Indonesian Muslims - Society

Society

To a significant degree, the striking variations in the practice and interpretation of Islam — in a much less austere form than that practiced in the Middle East — in various parts of Indonesia reflect its complex history. Introduced piecemeal by various traders and wandering mystics from India, Islam first gained a foothold between the twelfth and fifteenth centuries in coastal regions of Sumatra, northern Java, and Kalimantan. Islam probably came to these regions in the form of mystical Sufi tradition. Sufism easily gained local acceptance and became synthesized with local customs. The introduction of Islam to the islands was not always peaceful, however. As Islamized port towns undermined the waning power of the east Javanese Hindu/Buddhist Majapahit kingdom in the sixteenth century, Javanese elites fled to Bali, where over 2.5 million people kept their own version of Hinduism alive. Unlike coastal Sumatra, where Islam was adopted by elites and masses alike, partly as a way to counter the economic and political power of the Hindu-Buddhist kingdoms, in the interior of Java the elites only gradually accepted Islam, and then only as a formal legal and religious context for Javanese spiritual culture.

These historical processes gave rise to enduring tensions between orthodox Muslims and more syncretistic, locally based religion — tensions that were still visible in the early 1990s. On Java, for instance, this tension was expressed in a contrast between the traditionalist santri and abangan, an indigenous blend of native and Hindu-Buddhist beliefs with Islamic practices sometimes also called Javanism, kejawen, agama Jawa, or kebatinan. The terms and precise nature of this opposition were still in dispute in the early 1990s, but on Java santri not only referred to a person who was consciously and exclusively Muslim, it also described persons who had removed themselves from the secular world to concentrate on devotional activities in Islamic schools called pesantren—literally "the place of the santri".

In contrast to the Mecca-oriented philosophy of most santri, there was the current of kebatinan, which is an amalgam of animism, Hindu-Buddhist, and Islamic — especially Sufi — beliefs. This loosely organized current of thought and practice was legitimized in the 1945 constitution and, in 1973, when it was recognized as Kepercayaan kepada Tuhan Yang Maha Esa (Indonesian: Believer of One Supreme God) that somewhat gain the status as one of the agama, President Suharto counted himself as one of its adherents. The Kebatinan or Kepercayaan have no certain prophet, sacred book, nor distinct religious festivals and rituals; it has more to do with each adherents internalized transcendental vision and beliefs in their relations with the supreme being. As the result there is an inclusiveness that the kebatinan believer could identify themselves with one of six officially recognized religions, at least in their identity card, and still maintain their kebatinan belief and way of life.

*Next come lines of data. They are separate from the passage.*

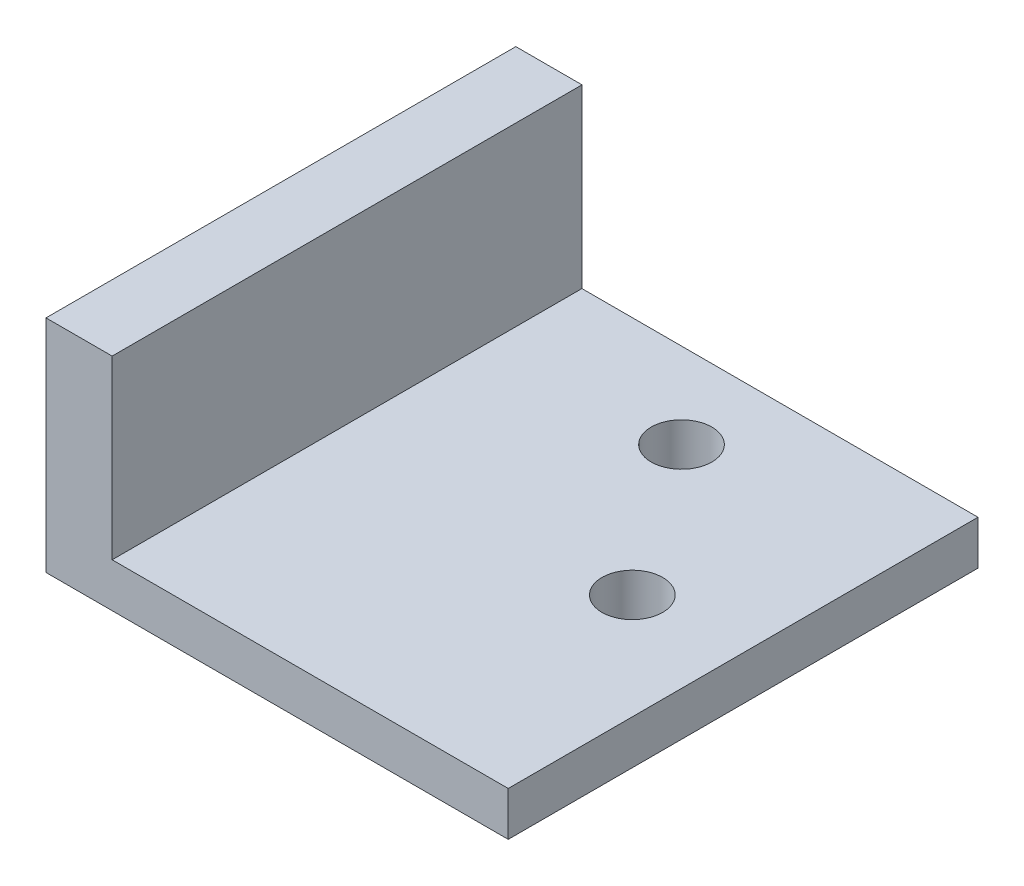
SolidWorks part; units mm, degrees
ref_plane "Front Plane" through (0, 0, 0) normal (0, 0, 1) x (1, 0, 0)
ref_plane "Top Plane" through (0, 0, 0) normal (0, 1, 0) x (1, 0, 0)
ref_plane "Right Plane" through (0, 0, 0) normal (1, 0, 0) x (0, 0, -1)
sketch "Sketch1" plane through (0, 0, 0) normal (0, 1, 0) x (1, 0, 0)
  line L1 (6.9799, 15.9817) -> (-6.9799, 15.9817)
  line L2 (6.9799, 15.9817) -> (6.9799, -5.3205)
  line L3 (6.9799, -5.3205) -> (-6.9799, -5.3205)
  line L16 (-6.9799, -5.3205) -> (-6.9799, 15.9817)
  circle A0 centre (-2.597, 12.1152) radius 1.375
  circle A1 centre (2.1933, 5.0936) radius 1.375
  point P0 (0, 0)
  dimension "D2" = 2.75
  dimension "D3" = 2.75
  dimension "D1" = 8.5
extrude "Boss-Extrude1" add sketch "Sketch1" along normal blind 2
sketch "Sketch2" plane through (0, 0, 0) normal (0, 1, 0) x (1, 0, 0)
  line L1 (-6.9799, 15.9817) -> (-10.9799, 15.9817)
  line L2 (-6.9799, 15.9817) -> (-6.9799, -5.3205)
  line L3 (-6.9799, -5.3205) -> (-10.9799, -5.3205)
  line L4 (-10.9799, 15.9817) -> (-10.9799, -5.3205)
  dimension "D1" = 4
extrude "Boss-Extrude2" add sketch "Sketch2" along normal blind 2
sketch "Sketch3" plane through (0, 0, 0) normal (0, 1, 0) x (1, 0, 0)
  line L0 (-10.9799, 15.9817) -> (-10.9799, -5.3205) construction
  line L5 (-10.9799, -5.3205) -> (-13.9799, -5.3205)
  line L6 (-10.9799, -5.3205) -> (-10.9799, 15.9846)
  line L7 (-10.9799, 15.9846) -> (-13.9799, 15.9846)
  line L8 (-13.9799, -5.3205) -> (-13.9799, 15.9846)
  point P6 (0, 0)
  dimension "D1" = 3
extrude "Boss-Extrude3" add sketch "Sketch3" along normal blind 10
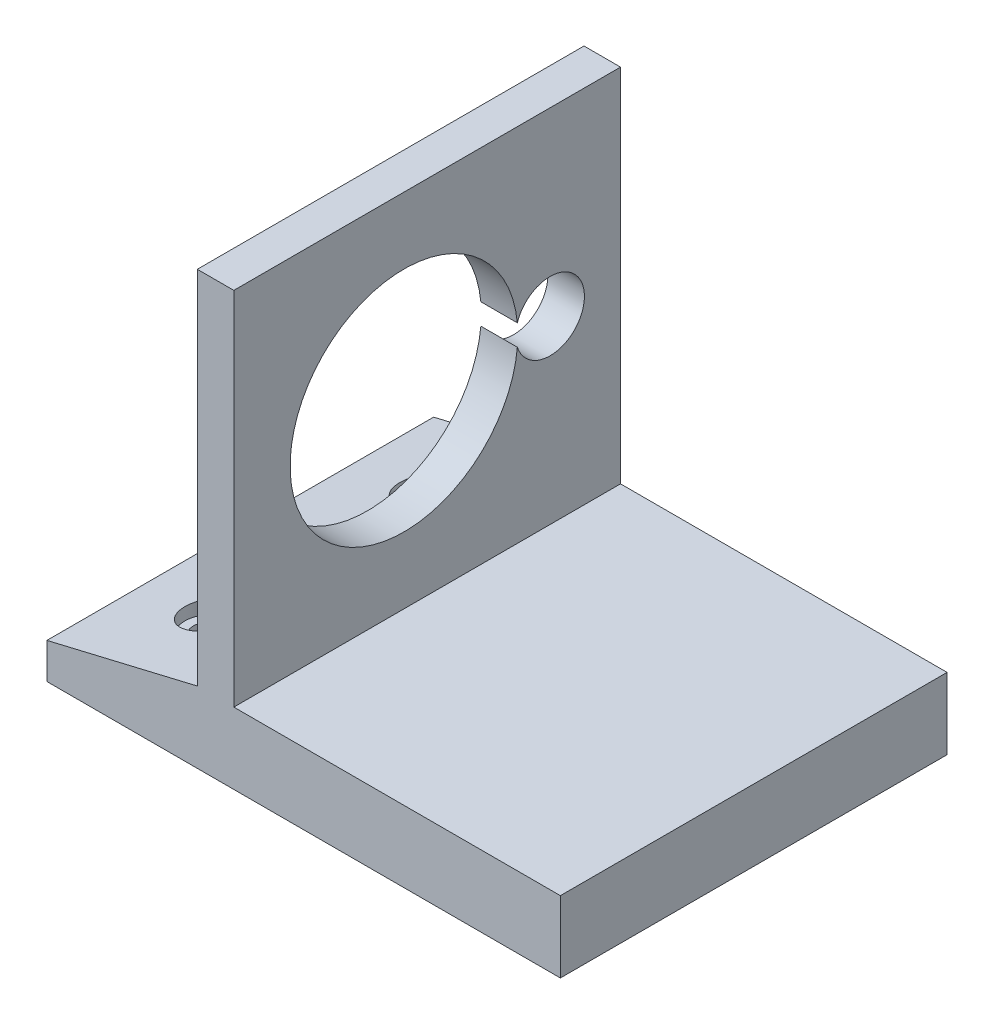
SolidWorks part; units mm, degrees
ref_plane "Plan de face" through (0, 0, 0) normal (0, 0, 1) x (1, 0, 0)
ref_plane "Plan de dessus" through (0, 0, 0) normal (0, 1, 0) x (1, 0, 0)
ref_plane "Plan de droite" through (0, 0, 0) normal (1, 0, 0) x (0, 0, -1)
sketch "Esquisse1" plane through (0, 0, 0) normal (0, 0, 1) x (1, 0, 0)
  line L0 (-38, -554.7609) -> (-38, -596.7609)
  line L1 (-38, -596.7609) -> (0, -596.7609)
  line L2 (0, -596.7609) -> (0, -605.0609)
  line L3 (0, -605.0609) -> (-59.749, -605.0609)
  line L4 (-400, -605.0609) -> (0, -605.0609) construction
  line L5 (-59.749, -605.0609) -> (-59.749, -600.9109)
  line L6 (-59.749, -600.9109) -> (-42.2498, -596.7609)
  line L7 (-42.2498, -596.7609) -> (-42.2498, -554.7609)
  line L8 (-42.2498, -554.7609) -> (-38, -554.7609)
extrude "Boss.-Extru.1" add sketch "Esquisse1" against normal up to surface (45 mm away)
sketch "Esquisse3" plane through (0, -605.0609, 0) normal (0, -1, 0) x (1, 0, 0)
  line L0 (0, 0) -> (-400, 0) construction
  line L1 (0, -45) -> (-400, -45) construction
  circle A0 centre (-50.6835, -35) radius 2
  circle A1 centre (-50.6835, -10) radius 2
  dimension "D3" = 4
  dimension "D1" = 10
  dimension "D2" = 10
extrude "Enlèv. mat.-Extru.2" cut sketch "Esquisse3" against normal through all
sketch "Esquisse4" plane through (0, -554.7609, 0) normal (0, 1, 0) x (1, 0, 0)
  circle A5 centre (-50.6835, 10) radius 3
  circle A6 centre (-50.6835, 10) radius 3
  circle A8 centre (-50.6835, 35) radius 3
  circle A9 centre (-50.6835, 35) radius 3
  dimension "D1" = 1
  dimension "D2" = 1
extrude "Enlèv. mat.-Extru.3" cut sketch "Esquisse4" against normal up to vertex (46.15 mm away)
sketch "Esquisse5" plane through (-42.2498, 0, 0) normal (-1, 0, 0) x (0, 0, 1)
  circle A0 centre (-36.8, -575.7609) radius 4 construction
  arc A1 (-32.993, -574.5333) -> (-32.993, -576.9884) centre (-36.8, -575.7609) ccw
  circle A4 centre (-19.8, -575.7609) radius 13.25
  arc A5 (-32.993, -576.9884) -> (-32.993, -574.5333) centre (-19.8, -575.7609) ccw
  dimension "D1" = 1
extrude "Enlèv. mat.-Extru.4" cut sketch "Esquisse5" against normal through all
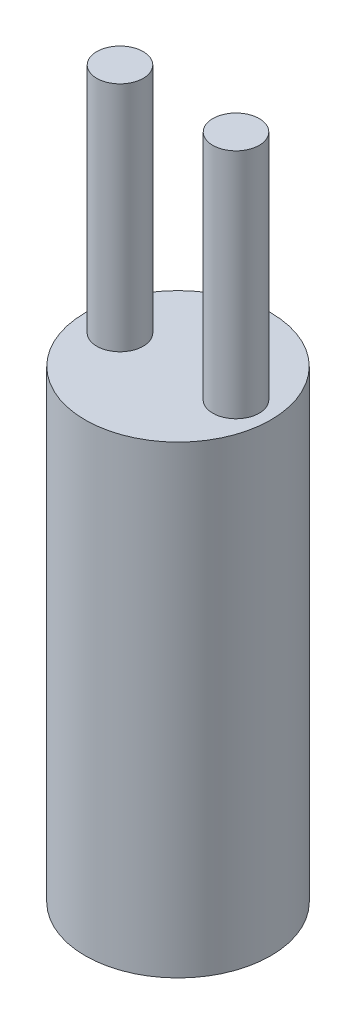
SolidWorks part; units mm, degrees
ref_plane "前视基准面" through (0, 0, 0) normal (0, 0, 1) x (1, 0, 0)
ref_plane "上视基准面" through (0, 0, 0) normal (0, 1, 0) x (1, 0, 0)
ref_plane "右视基准面" through (0, 0, 0) normal (1, 0, 0) x (0, 0, -1)
other "Configuration Table"
sketch "草图1" plane through (0, 0, 0) normal (0, 1, 0) x (1, 0, 0)
  circle A0 centre (0, 0) radius 4
  dimension "D1" = 8
extrude "凸台-拉伸1" add sketch "草图1" along normal blind 20
sketch "草图2" plane through (0, 20, 0) normal (0, 1, 0) x (1, 0, 0)
  circle A0 centre (-2.5, 0) radius 1
  dimension "D1" = 2
  dimension "D2" = 2.5
extrude "凸台-拉伸2" add sketch "草图2" along normal blind 10
mirror "镜向1" about plane through (0, 0, 0) normal (1, 0, 0) of "凸台-拉伸2"
sketch "草图3" plane through (0, 0, 0) normal (0, 1, 0) x (1, 0, 0)
  point P0 (0, 0)
sketch "草图4" plane through (0, 0, 0) normal (0, -1, 0) x (1, 0, 0)
  line L0 (0, 0.5) -> (0, -0.5)
  arc A0 (0, 0.5) -> (0, -0.5) centre (0, 0) ccw
  dimension "D1" = 1
revolve "旋转1" add sketch "草图4" angle 360 about L0

Kebatinan is generally characterized as mystical, and some varieties were concerned with spiritual self-control. Although there were many varieties circulating in 1992, kebatinan often implies pantheistic worship because it encourages sacrifices and devotions to local and ancestral spirits. These spirits are believed to inhabit natural objects, human beings, artifacts, and grave sites of important wali (Muslim saints). Illness and other misfortunes are traced to such spirits, and if sacrifices or pilgrimages fail to placate angry deities, the advice of a dukun or healer is sought. Kebatinan, while it connotes a turning away from the militant universalism of orthodox Islam, moves toward a more internalized universalism. In this way, kebatinan moves toward eliminating the distinction between the universal and the local, the communal and the individual.

Another notable view is the division between traditionalist and modernist Islam. The nature of these differences was complex, confusing, and a matter of considerable debate in the early 1990s, but traditionalists generally rejected the modernists' interest in absorbing educational and organizational principles from the West. Specifically, traditionalists were suspicious of modernists' support of the urban madrasah, a reformist school that included the teaching of secular topics. Traditionalists also sought to add a clause to the first tenet of the Pancasila state ideology requiring that, in effect, all Muslims adhere to the sharia.

Despite these differences, the traditionalist Nahdlatul Ulama, the progressive Consultative Council of Indonesian Muslims (Masyumi), and two other parties were forcibly streamlined into a single Islamic political party in 1973—the United Development Party (PPP). Such cleavages may have weakened Islam as an organized political entity, as demonstrated by the withdrawal of the Nahdlatul Ulama from active political competition, but as a popular religious force Islam showed signs of good health and a capacity to frame national debates.

Women's higher employment rate is also an important difference between Indonesian and Middle East cultures.